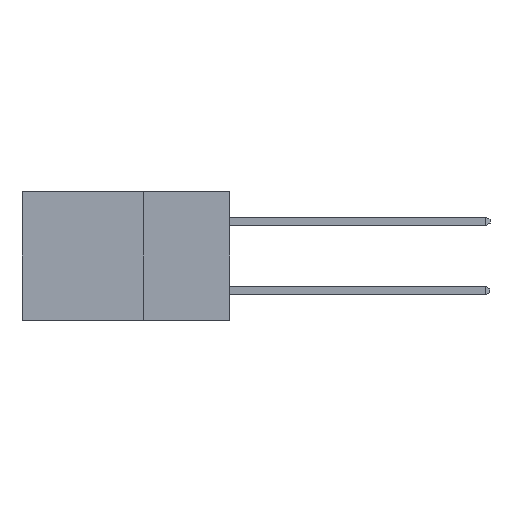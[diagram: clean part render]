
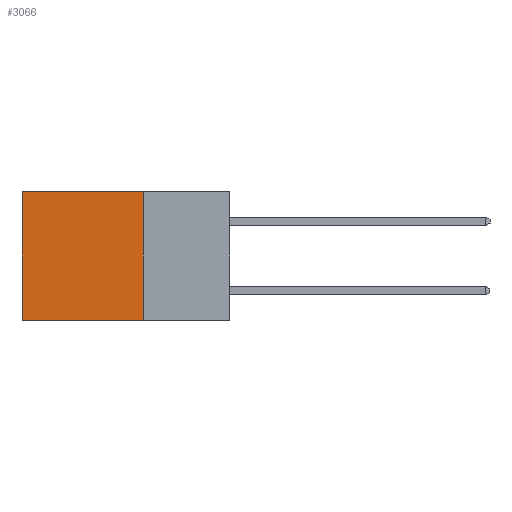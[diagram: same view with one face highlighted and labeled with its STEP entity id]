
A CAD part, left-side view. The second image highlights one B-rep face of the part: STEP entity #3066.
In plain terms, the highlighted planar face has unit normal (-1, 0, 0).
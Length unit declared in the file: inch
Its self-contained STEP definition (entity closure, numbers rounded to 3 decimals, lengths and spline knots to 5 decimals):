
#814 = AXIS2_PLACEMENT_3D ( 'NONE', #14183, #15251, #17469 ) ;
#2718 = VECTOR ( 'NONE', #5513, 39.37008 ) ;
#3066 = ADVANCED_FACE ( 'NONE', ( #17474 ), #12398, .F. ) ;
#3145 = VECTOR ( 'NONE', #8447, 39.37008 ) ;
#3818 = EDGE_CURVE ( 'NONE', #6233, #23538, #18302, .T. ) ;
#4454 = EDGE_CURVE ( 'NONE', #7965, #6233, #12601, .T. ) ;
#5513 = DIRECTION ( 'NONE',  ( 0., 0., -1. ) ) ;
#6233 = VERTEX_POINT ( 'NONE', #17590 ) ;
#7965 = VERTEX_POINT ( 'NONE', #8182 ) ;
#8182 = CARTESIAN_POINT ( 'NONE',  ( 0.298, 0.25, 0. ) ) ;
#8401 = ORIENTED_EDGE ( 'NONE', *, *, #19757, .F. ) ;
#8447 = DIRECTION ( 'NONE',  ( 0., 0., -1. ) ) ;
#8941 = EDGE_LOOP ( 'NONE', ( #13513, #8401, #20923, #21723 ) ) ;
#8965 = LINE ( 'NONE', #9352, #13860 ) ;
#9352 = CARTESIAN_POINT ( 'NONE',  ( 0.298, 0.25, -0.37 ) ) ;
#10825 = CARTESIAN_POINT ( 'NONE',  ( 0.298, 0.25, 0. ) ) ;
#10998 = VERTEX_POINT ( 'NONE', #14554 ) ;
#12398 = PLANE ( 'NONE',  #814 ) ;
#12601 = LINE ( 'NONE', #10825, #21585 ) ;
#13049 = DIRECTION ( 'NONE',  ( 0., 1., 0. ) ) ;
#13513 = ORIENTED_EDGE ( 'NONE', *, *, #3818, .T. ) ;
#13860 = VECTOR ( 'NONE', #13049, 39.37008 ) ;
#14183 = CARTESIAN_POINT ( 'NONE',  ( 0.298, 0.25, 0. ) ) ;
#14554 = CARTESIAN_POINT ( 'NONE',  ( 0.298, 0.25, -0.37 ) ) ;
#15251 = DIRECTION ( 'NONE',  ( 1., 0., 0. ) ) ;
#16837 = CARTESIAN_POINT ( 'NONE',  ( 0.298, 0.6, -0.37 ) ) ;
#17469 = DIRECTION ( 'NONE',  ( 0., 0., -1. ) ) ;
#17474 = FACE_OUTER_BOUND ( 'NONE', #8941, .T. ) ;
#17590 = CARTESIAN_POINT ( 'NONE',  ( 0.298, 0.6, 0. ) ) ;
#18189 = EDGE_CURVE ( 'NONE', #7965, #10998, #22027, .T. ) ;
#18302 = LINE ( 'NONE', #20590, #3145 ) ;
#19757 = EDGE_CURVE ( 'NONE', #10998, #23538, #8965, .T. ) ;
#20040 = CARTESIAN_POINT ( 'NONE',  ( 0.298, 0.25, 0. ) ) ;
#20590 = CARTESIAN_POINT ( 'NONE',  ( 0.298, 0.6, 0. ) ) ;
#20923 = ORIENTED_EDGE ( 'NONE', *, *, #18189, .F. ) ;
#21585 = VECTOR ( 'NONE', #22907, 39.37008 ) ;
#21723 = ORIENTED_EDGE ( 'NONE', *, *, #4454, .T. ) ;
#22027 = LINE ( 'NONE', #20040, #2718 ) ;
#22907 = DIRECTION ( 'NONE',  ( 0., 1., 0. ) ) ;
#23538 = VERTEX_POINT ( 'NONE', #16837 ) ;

========

▶ _What the task asks_:
Check each line above for "VECTOR" and state how many match, answering with only the number.

▶ _Reply to the task_:
4